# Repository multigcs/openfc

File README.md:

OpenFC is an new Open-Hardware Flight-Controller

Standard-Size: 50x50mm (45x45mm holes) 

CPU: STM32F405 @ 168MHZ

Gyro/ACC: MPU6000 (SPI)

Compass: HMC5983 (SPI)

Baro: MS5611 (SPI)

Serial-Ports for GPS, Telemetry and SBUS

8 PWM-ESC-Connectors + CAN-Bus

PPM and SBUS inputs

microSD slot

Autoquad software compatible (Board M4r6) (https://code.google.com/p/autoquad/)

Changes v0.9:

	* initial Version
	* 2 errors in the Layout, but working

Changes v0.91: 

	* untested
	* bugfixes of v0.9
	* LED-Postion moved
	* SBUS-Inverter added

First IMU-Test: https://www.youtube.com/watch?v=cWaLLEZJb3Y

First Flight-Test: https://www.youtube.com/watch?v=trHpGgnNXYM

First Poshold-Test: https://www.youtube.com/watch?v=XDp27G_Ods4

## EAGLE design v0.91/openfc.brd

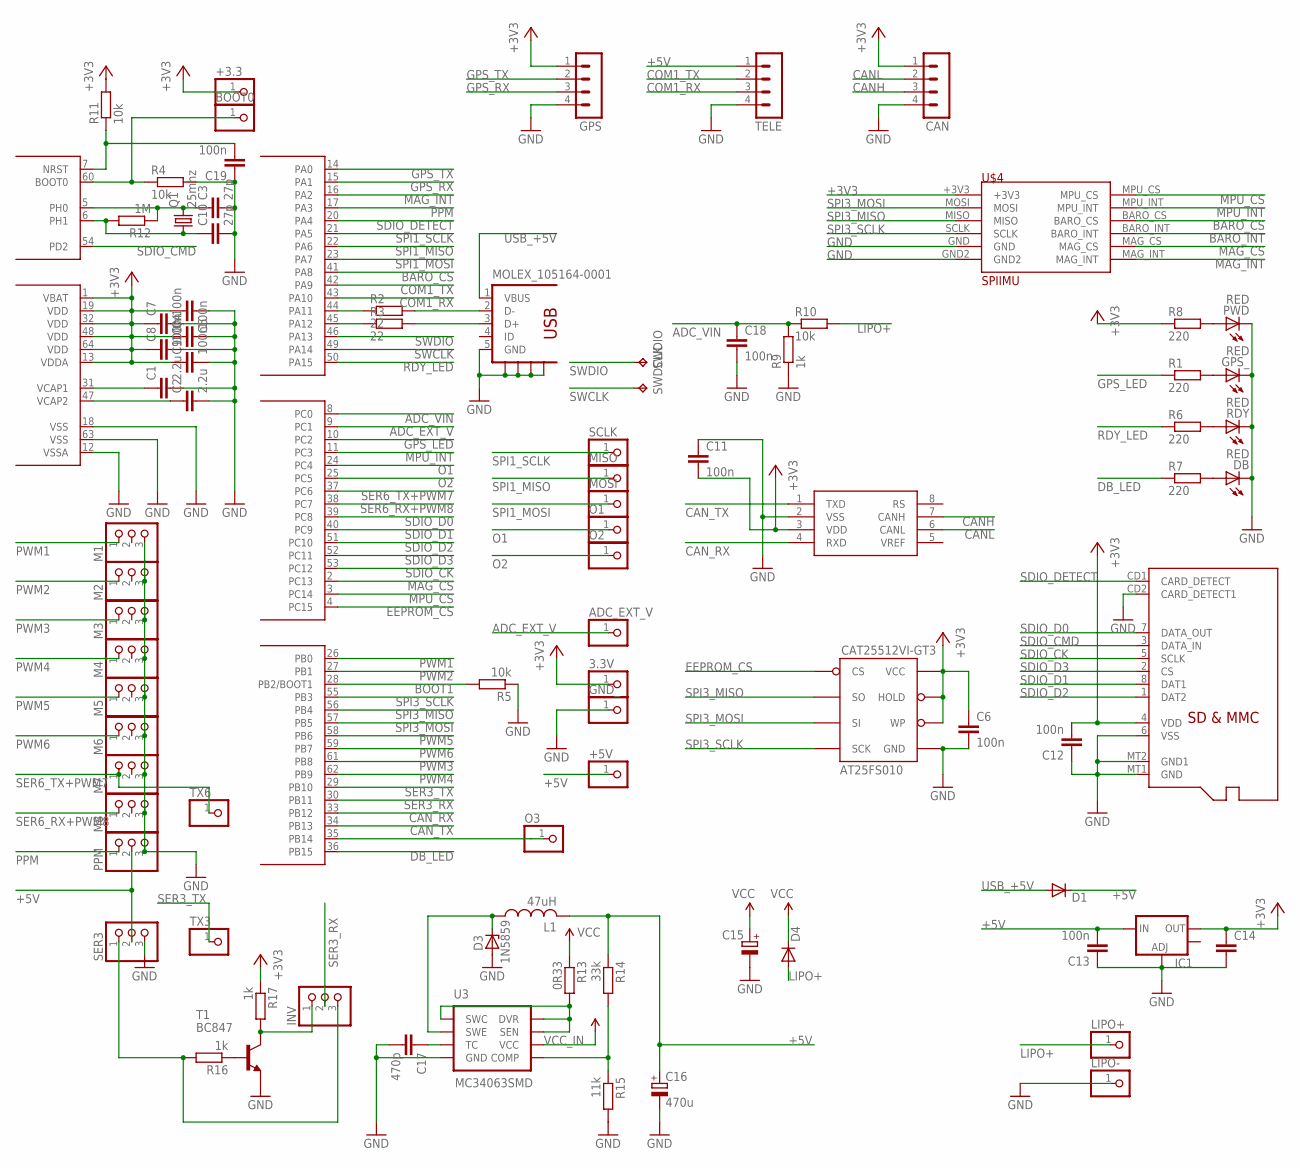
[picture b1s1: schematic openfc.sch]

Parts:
3.3V: PINHD-1X1; 1X01
+3.3, +5V: PINHD-1X1; 1X01
ADC_EXT_V: PINHD-1X1; 1X01
BOOT0: PINHD-1X1; 1X01
C1, C2: 2.2u; C0603
C3, C10: 27p; C0603
C4, C5, C6, C7, C8, C9, C11, C12, C13, C18, C19: 100n; C0603
C14: C-EUC1206; C1206
C15: CPOL-EUB/3528-21R; B/3528-21R
C16: 470u; B/3528-21R
C17: 470p; C0603
CAN: MA04-1
CAT25512VI-GT3: AT25FS010; SO08WIDE
D1, D4: DIODE-SMB; SMB
D3: 1N5859; SMB
DB: RED; LED-0603
GND_: PINHD-1X1; 1X01
GPS: MA04-1
GPS_: RED; LED-0603
IC1: V_REG_LM1117SOT223; SOT223
INV: PINHD-1X3; 1X03
L1: 47uH; L1812
LIPO+: PINHD-1X1; 1X01
LIPO-: PINHD-1X1; 1X01
M1, M2, M3, M4, M5, M6, M7, M8: PINHD-1X3; 1X03
MISO: PINHD-1X1; 1X01
MOLEX_47334-0001: MICROSD
MOLEX_105164-0001: USB-5P; USB-MINI-B
MOSI: PINHD-1X1; 1X01
O1, O2, O3: PINHD-1X1; 1X01
PPM: PINHD-1X3; 1X03
PWD: RED; LED-0603
Q1: 25mhz; CTS406
R1, R6, R7, R8: 220; R0603
R2, R3: 22; R0603
R4, R5, R10, R11: 10k; R0603
R9, R16, R17: 1k; R0603
R12: 1M; R0603
R13: 0R33; R0603
R14: 33k; R0603
R15: 11k; R0603
RDY: RED; LED-0603
SCLK: PINHD-1X1; 1X01
SER3: PINHD-1X3; 1X03
SWDCLK: TPTP14SQ; TP14SQ
SWDIO: TPTP14SQ; TP14SQ
T1: BC847; SOT23
TELE: MA04-1
TX3, TX6: PINHD-1X1; 1X01
U1: STM32F4-64; SQFP-S-10X10-64
U3: MC34063SMD; SO08
U4: MCP2551; SO08
U$4: SPIIMU

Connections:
+3V3: 3.3V.1, +3.3.1, C4.1, C5.2, C6.1, C7.1, C8.1, C9.1, C11.2, C12.2, C14.1, CAN.1, CAT25512VI-GT3.3 (WP), CAT25512VI-GT3.7 (HOLD), CAT25512VI-GT3.8 (VCC), GPS.1, IC1.2 (OUT), MOLEX_47334-0001.4 (VDD), R8.1, R11.2, R17.1, U1.1 (VBAT), U1.13 (VDDA), U1.19 (VDD), U1.32 (VDD), U1.48 (VDD), U1.64 (VDD), U4.3 (VDD), U$4.+3V3
+5V: +5V.1, C13.2, C16.+, D1.C, IC1.3 (IN), L1.2, PPM.2, R14.1, SER3.2, TELE.1
ADC_EXT_V: ADC_EXT_V.1, U1.9 (PC1)
ADC_VIN: C18.1, R9.2, R10.1, U1.8 (PC0)
BARO_CS: U1.41 (PA8), U$4.BARO_CS
BARO_INT: U$4.BARO_INT
BOOT0: BOOT0.1, R4.1, U1.60 (BOOT0)
BOOT1: R5.2, U1.28 (PB2/BOOT1)
CANH: CAN.3, U4.7 (CANH)
CANL: CAN.2, U4.6 (CANL)
CAN_RX: U1.33 (PB12), U4.4 (RXD)
CAN_TX: U1.34 (PB13), U4.1 (TXD)
COM1_RX: TELE.3, U1.43 (PA10)
COM1_TX: TELE.2, U1.42 (PA9)
DB_LED: R7.1, U1.36 (PB15)
EEPROM_CS: CAT25512VI-GT3.1 (CS), U1.4 (PC15)
GND: C1.2, C2.2, C3.2, C4.2, C5.1, C6.2, C7.2, C8.2, C9.2, C10.2, C11.1, C12.1, C13.1, C14.2, C15.-, C16.-, C17.2, C18.2, C19.1, CAN.4, CAT25512VI-GT3.4 (GND), D3.A, DB.C, GND_.1, GPS.4, GPS_.C, IC1.1 (ADJ), LIPO-.1, M1.3, M2.3, M3.3, M4.3, M5.3, M6.3, M7.3, M8.3, MOLEX_47334-0001.6 (VSS), MOLEX_47334-0001.CD2 (CARD_DETECT1), MOLEX_47334-0001.MT1 (GND), MOLEX_47334-0001.MT2 (GND1), MOLEX_105164-0001.5 (GND), MOLEX_105164-0001.S1, MOLEX_105164-0001.S2, MOLEX_105164-0001.S3, MOLEX_105164-0001.S4, PPM.3, PWD.C, R4.2, R5.1, R9.1, R15.2, RDY.C, SER3.3, T1.2 (E), TELE.4, U1.12 (VSSA), U1.18 (VSS), U1.63 (VSS), U3.4 (GND), U4.2 (VSS), U$4.GND, U$4.GND2
GPS_LED: R1.1, U1.10 (PC2)
GPS_RX: GPS.3, U1.15 (PA1)
GPS_TX: GPS.2, U1.14 (PA0)
LIPO+: D4.A, LIPO+.1, R10.2
MAG_CS: U1.2 (PC13), U$4.MAG_CS
MAG_INT: U1.16 (PA2), U$4.MAG_INT
MPU_CS: U1.3 (PC14), U$4.MPU_CS
MPU_INT: U1.11 (PC3), U$4.MPU_INT
unnamed: C2.1, U1.47 (VCAP2)
unnamed: C1.1, U1.31 (VCAP1)
unnamed: C19.2, R11.1, U1.7 (NRST)
unnamed: PWD.A, R8.2
unnamed: GPS_.A, R1.2
unnamed: R6.2, RDY.A
unnamed: DB.A, R7.2
unnamed: R16.1, T1.1 (B)
unnamed: C3.1, Q1.3 (2), R12.1, U1.5 (PH0)
unnamed: C10.1, Q1.1, R12.2, U1.6 (PH1)
unnamed: R2.1, U1.44 (PA11)
unnamed: R3.1, U1.45 (PA12)
unnamed: C17.1, U3.3 (TC)
unnamed: D3.C, L1.1, U3.2 (SWE)
unnamed: R14.2, R15.1, U3.5 (COMP)
unnamed: R13.2, U3.1 (SWC), U3.7 (SEN), U3.8 (DVR)
O1: O1.1, U1.24 (PC4)
O2: O2.1, U1.25 (PC5)
O3: O3.1, U1.35 (PB14)
PPM: PPM.1, U1.17 (PA3)
PWM1: M1.1, U1.26 (PB0)
PWM2: M2.1, U1.27 (PB1)
PWM3: M3.1, U1.61 (PB8)
PWM4: M4.1, U1.62 (PB9)
PWM5: M5.1, U1.58 (PB6)
PWM6: M6.1, U1.59 (PB7)
RDY_LED: R6.1, U1.50 (PA15)
SDIO_CK: MOLEX_47334-0001.5 (SCLK), U1.53 (PC12)
SDIO_CMD: MOLEX_47334-0001.3 (DATA_IN), U1.54 (PD2)
SDIO_D0: MOLEX_47334-0001.7 (DATA_OUT), U1.39 (PC8)
SDIO_D1: MOLEX_47334-0001.8 (DAT1), U1.40 (PC9)
SDIO_D2: MOLEX_47334-0001.1 (DAT2), U1.51 (PC10)
SDIO_D3: MOLEX_47334-0001.2 (CS), U1.52 (PC11)
SDIO_DETECT: MOLEX_47334-0001.CD1 (CARD_DETECT), U1.20 (PA4)
SER3_RX: INV.2, U1.30 (PB11)
SER3_RX_INV: INV.1, R17.2, T1.3 (C)
SER3_RX_NORM: INV.3, R16.2, SER3.1
SER3_TX: TX3.1, U1.29 (PB10)
SER6_RX+PWM8: M8.1, U1.38 (PC7)
SER6_TX+PWM7: M7.1, TX6.1, U1.37 (PC6)
SPI1_MISO: MISO.1, U1.22 (PA6)
SPI1_MOSI: MOSI.1, U1.23 (PA7)
SPI1_SCLK: SCLK.1, U1.21 (PA5)
SPI3_MISO: CAT25512VI-GT3.2 (SO), U1.56 (PB4), U$4.MISO
SPI3_MOSI: CAT25512VI-GT3.5 (SI), U1.57 (PB5), U$4.MOSI
SPI3_SCLK: CAT25512VI-GT3.6 (SCK), U1.55 (PB3), U$4.SCLK
SWCLK: SWDCLK.TP, U1.49 (PA14)
SWDIO: SWDIO.TP, U1.46 (PA13)
USB_+5V: D1.A, MOLEX_105164-0001.1 (VBUS)
USB_D+: MOLEX_105164-0001.3 (D+), R3.2
USB_D-: MOLEX_105164-0001.2 (D-), R2.2
VCC_IN: C15.+, D4.C, R13.1, U3.6 (VCC)

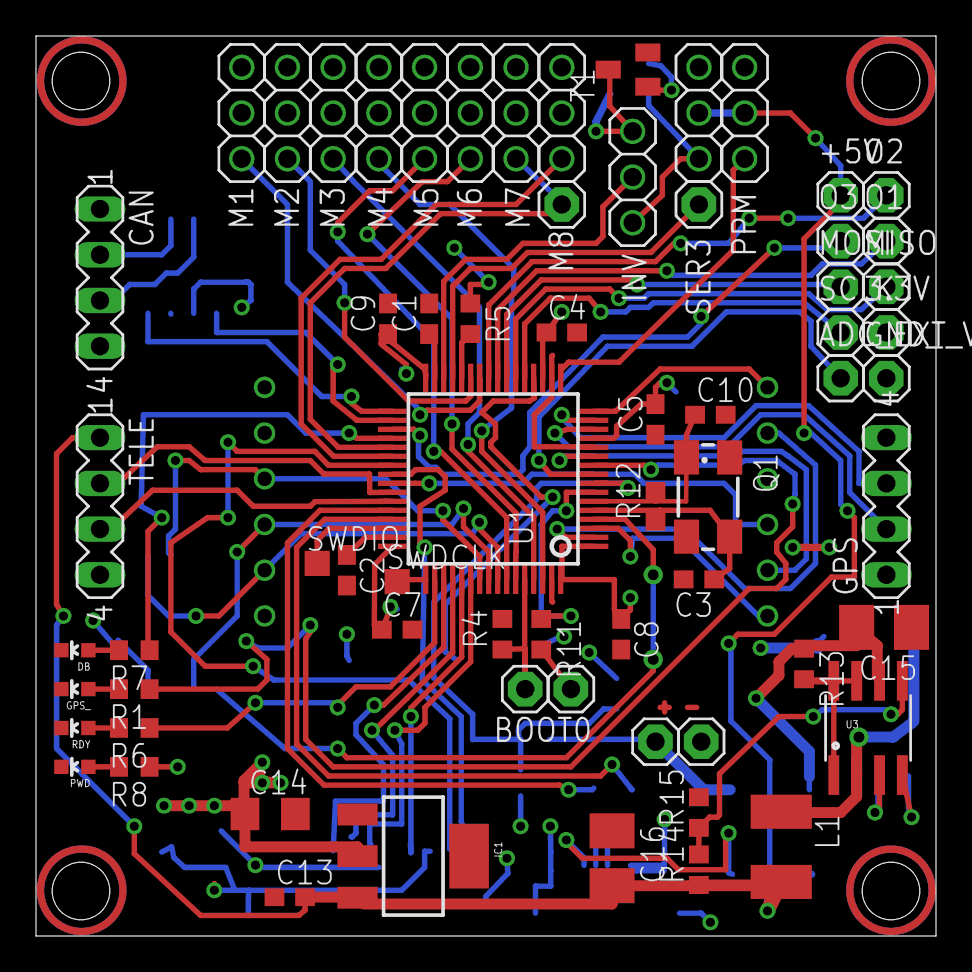
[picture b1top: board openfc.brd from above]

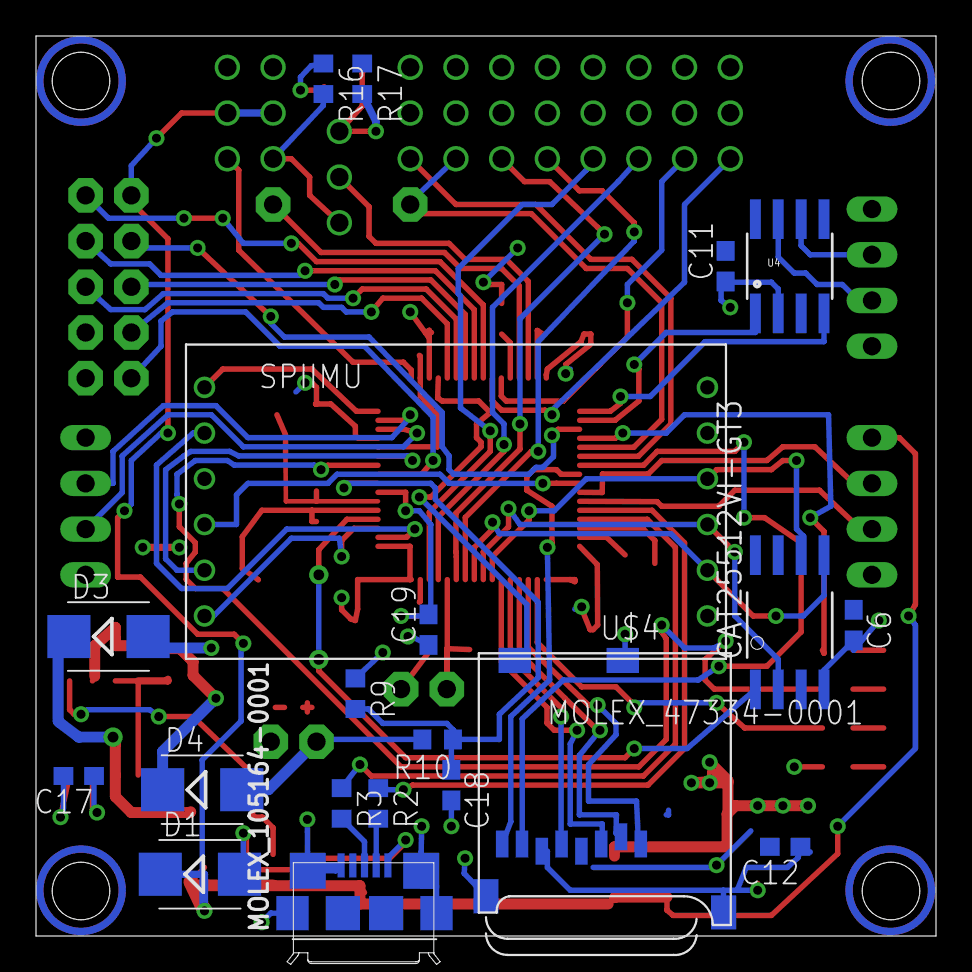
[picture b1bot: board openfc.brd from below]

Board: 2 copper layers, 50.0 x 50.0 mm, 86 parts (20 on the bottom side), 76 nets.

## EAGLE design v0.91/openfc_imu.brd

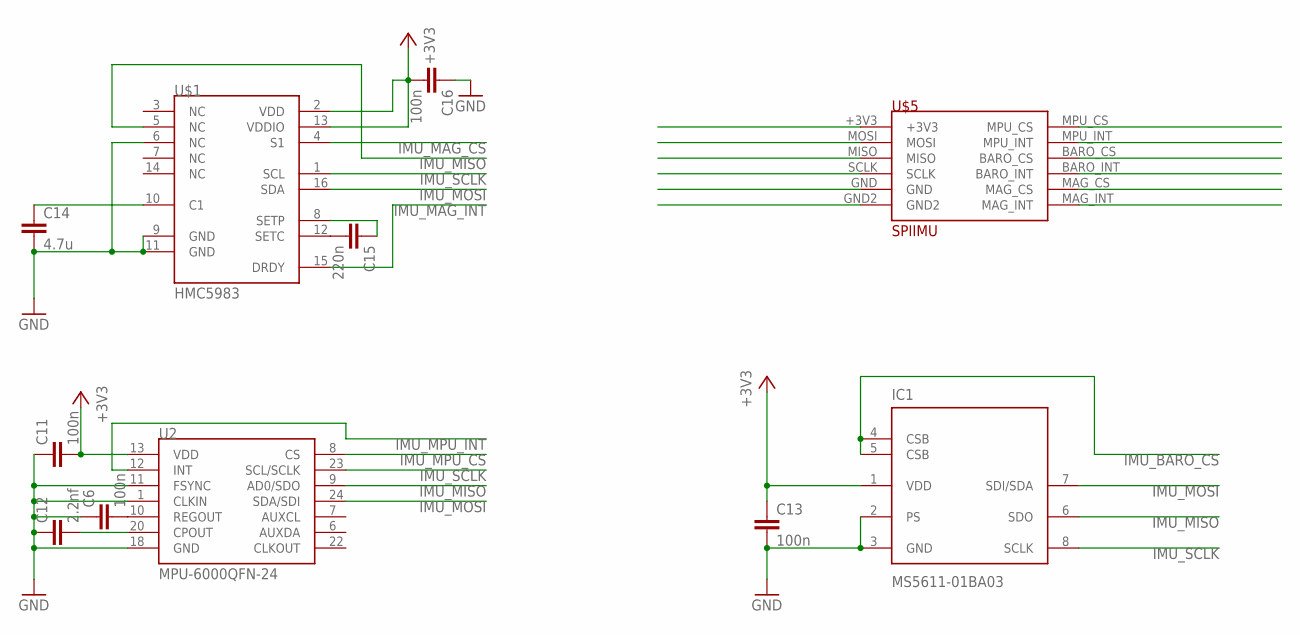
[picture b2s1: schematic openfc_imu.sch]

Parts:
C6, C11, C13, C16: 100n; C0603
C12: 2.2nf; C0603
C14: 4.7u; C0603
C15: 220n; C0603
IC1: MS5611-01BA03; SON125P300X500X100-8N
U2: MPU-6000QFN-24; QFN-24-TESTING
U$1: HMC5983; 16LPCC
U$5: SPIIMU

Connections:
IMU+3V3: C11.2, C13.1, C16.2, IC1.1 (VDD), U2.13 (VDD), U$1.2 (VDD), U$1.13 (VDDIO), U$5.+3V3
IMU_BARO_CS: IC1.4 (CSB), IC1.5 (CSB), U$5.BARO_CS
IMU_BARO_INT: U$5.BARO_INT
IMU_GND: C6.1, C11.1, C12.1, C13.2, C14.2, C16.1, IC1.2 (PS), IC1.3 (GND), U2.1 (CLKIN), U2.11 (FSYNC), U2.18 (GND), U$1.6 (NC), U$1.9 (GND), U$1.11 (GND), U$5.GND, U$5.GND2
IMU_MAG_CS: U$1.4 (S1), U$5.MAG_CS
IMU_MAG_INT: U$1.15 (DRDY), U$5.MAG_INT
IMU_MISO: IC1.6 (SDO), U2.9 (AD0/SDO), U$1.5 (NC), U$5.MISO
IMU_MOSI: IC1.7 (SDI/SDA), U2.24 (SDA/SDI), U$1.16 (SDA), U$5.MOSI
IMU_MPU_CS: U2.8 (CS), U$5.MPU_CS
IMU_MPU_INT: U2.12 (INT), U$5.MPU_INT
IMU_SCLK: IC1.8 (SCLK), U2.23 (SCL/SCLK), U$1.1 (SCL), U$5.SCLK
unnamed: C6.2, U2.10 (REGOUT)
unnamed: C14.1, U$1.10 (C1)
unnamed: C12.2, U2.20 (CPOUT)
unnamed: C15.1, U$1.8 (SETP)
unnamed: C15.2, U$1.12 (SETC)

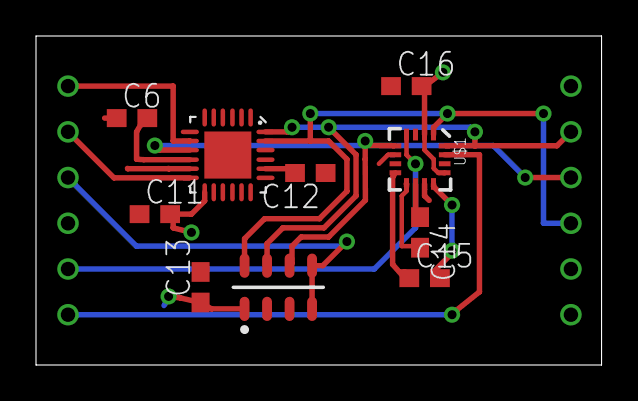
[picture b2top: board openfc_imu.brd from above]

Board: 2 copper layers, 31.4 x 18.3 mm, 11 parts (1 on the bottom side), 15 nets.

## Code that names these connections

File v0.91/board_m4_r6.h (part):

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#define SDIO_DMA_IRQn			DMA2_Stream3_IRQn
//#define SDIO_POWER_PORT			GPIOC
//#define SDIO_POWER_PIN			GPIO_Pin_5
#define SDIO_DETECT_GPIO_PORT		GPIOA
#define SDIO_DETECT_PIN			GPIO_Pin_4
#define SDIO_DETECT_PORT_SOURCE		EXTI_PortSourceGPIOA
#define SDIO_DETECT_PIN_SOURCE		EXTI_PinSource4
#define SDIO_DETECT_IRQ			EXTI4_IRQn
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    PWM_NUM_PORTS
};

#define PPM_PWM_CHANNEL		8	// which PWM channel to use for PPM capture

#define PWM_TIMERS  const TIM_TypeDef *pwmTimers[] = { \
    TIM3, \
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

#define GPS_USART		UART4
#define GPS_LED_PORT		GPIOC
#define GPS_LED_PIN		GPIO_Pin_2


#define ADC_DMA_STREAM		DMA2_Stream4
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#define CANx			    CAN2
#define CAN_CLK			    (RCC_APB1Periph_CAN1 | RCC_APB1Periph_CAN2)
#define CAN_GPIO_PORT		    GPIOB
#define CAN_RX_PIN		    GPIO_Pin_12
#define CAN_TX_PIN		    GPIO_Pin_13
#define CAN_AF_PORT		    GPIO_AF_CAN2
#define CAN_RX_SOURCE		    GPIO_PinSource12
#define CAN_TX_SOURCE		    GPIO_PinSource13
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
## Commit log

2015-03-25 add version 0.9
2015-03-25 add version 0.91
2015-03-25 v0.91: add screenshot
2015-03-25 add text and screenshot to readme
2015-03-25 add modified board-configuration files for autoquad
2015-03-25 add short changelog to readme
2015-03-25 add some video's to readme
2015-03-25 readme: fix
2015-03-25 add copyright file
2015-03-25 readme: more infos
2015-03-25 v0.9: add image
2015-03-25 v0.9: resize image
2015-03-25 readme add image
2015-03-25 readme changes

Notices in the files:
v0.91/board_m4_r6.h:
AutoQuad is free software: you can redistribute it and/or modify
it under the terms of the GNU General Public License as published by
the Free Software Foundation, either version 3 of the License, or
(at your option) any later version.
Copyright © 2011-2014  Bill Nesbitt
parts and their libraries:
SparkFun-DigitalIC: Licensing: CC v3.0 Share-Alike You are welcome to use this library for commercial purposes.
****
Your objective
Set down exactly the lines above, from the line containing "SWCLK: SWDCLK.TP, U1.49 (PA14)" through the line containing "C15: 220n; C0603". Skip the pictures.

Written answer
SWCLK: SWDCLK.TP, U1.49 (PA14)
SWDIO: SWDIO.TP, U1.46 (PA13)
USB_+5V: D1.A, MOLEX_105164-0001.1 (VBUS)
USB_D+: MOLEX_105164-0001.3 (D+), R3.2
USB_D-: MOLEX_105164-0001.2 (D-), R2.2
VCC_IN: C15.+, D4.C, R13.1, U3.6 (VCC)

[picture b1top: board openfc.brd from above]

[picture b1bot: board openfc.brd from below]

Board: 2 copper layers, 50.0 x 50.0 mm, 86 parts (20 on the bottom side), 76 nets.

## EAGLE design v0.91/openfc_imu.brd

[picture b2s1: schematic openfc_imu.sch]

Parts:
C6, C11, C13, C16: 100n; C0603
C12: 2.2nf; C0603
C14: 4.7u; C0603
C15: 220n; C0603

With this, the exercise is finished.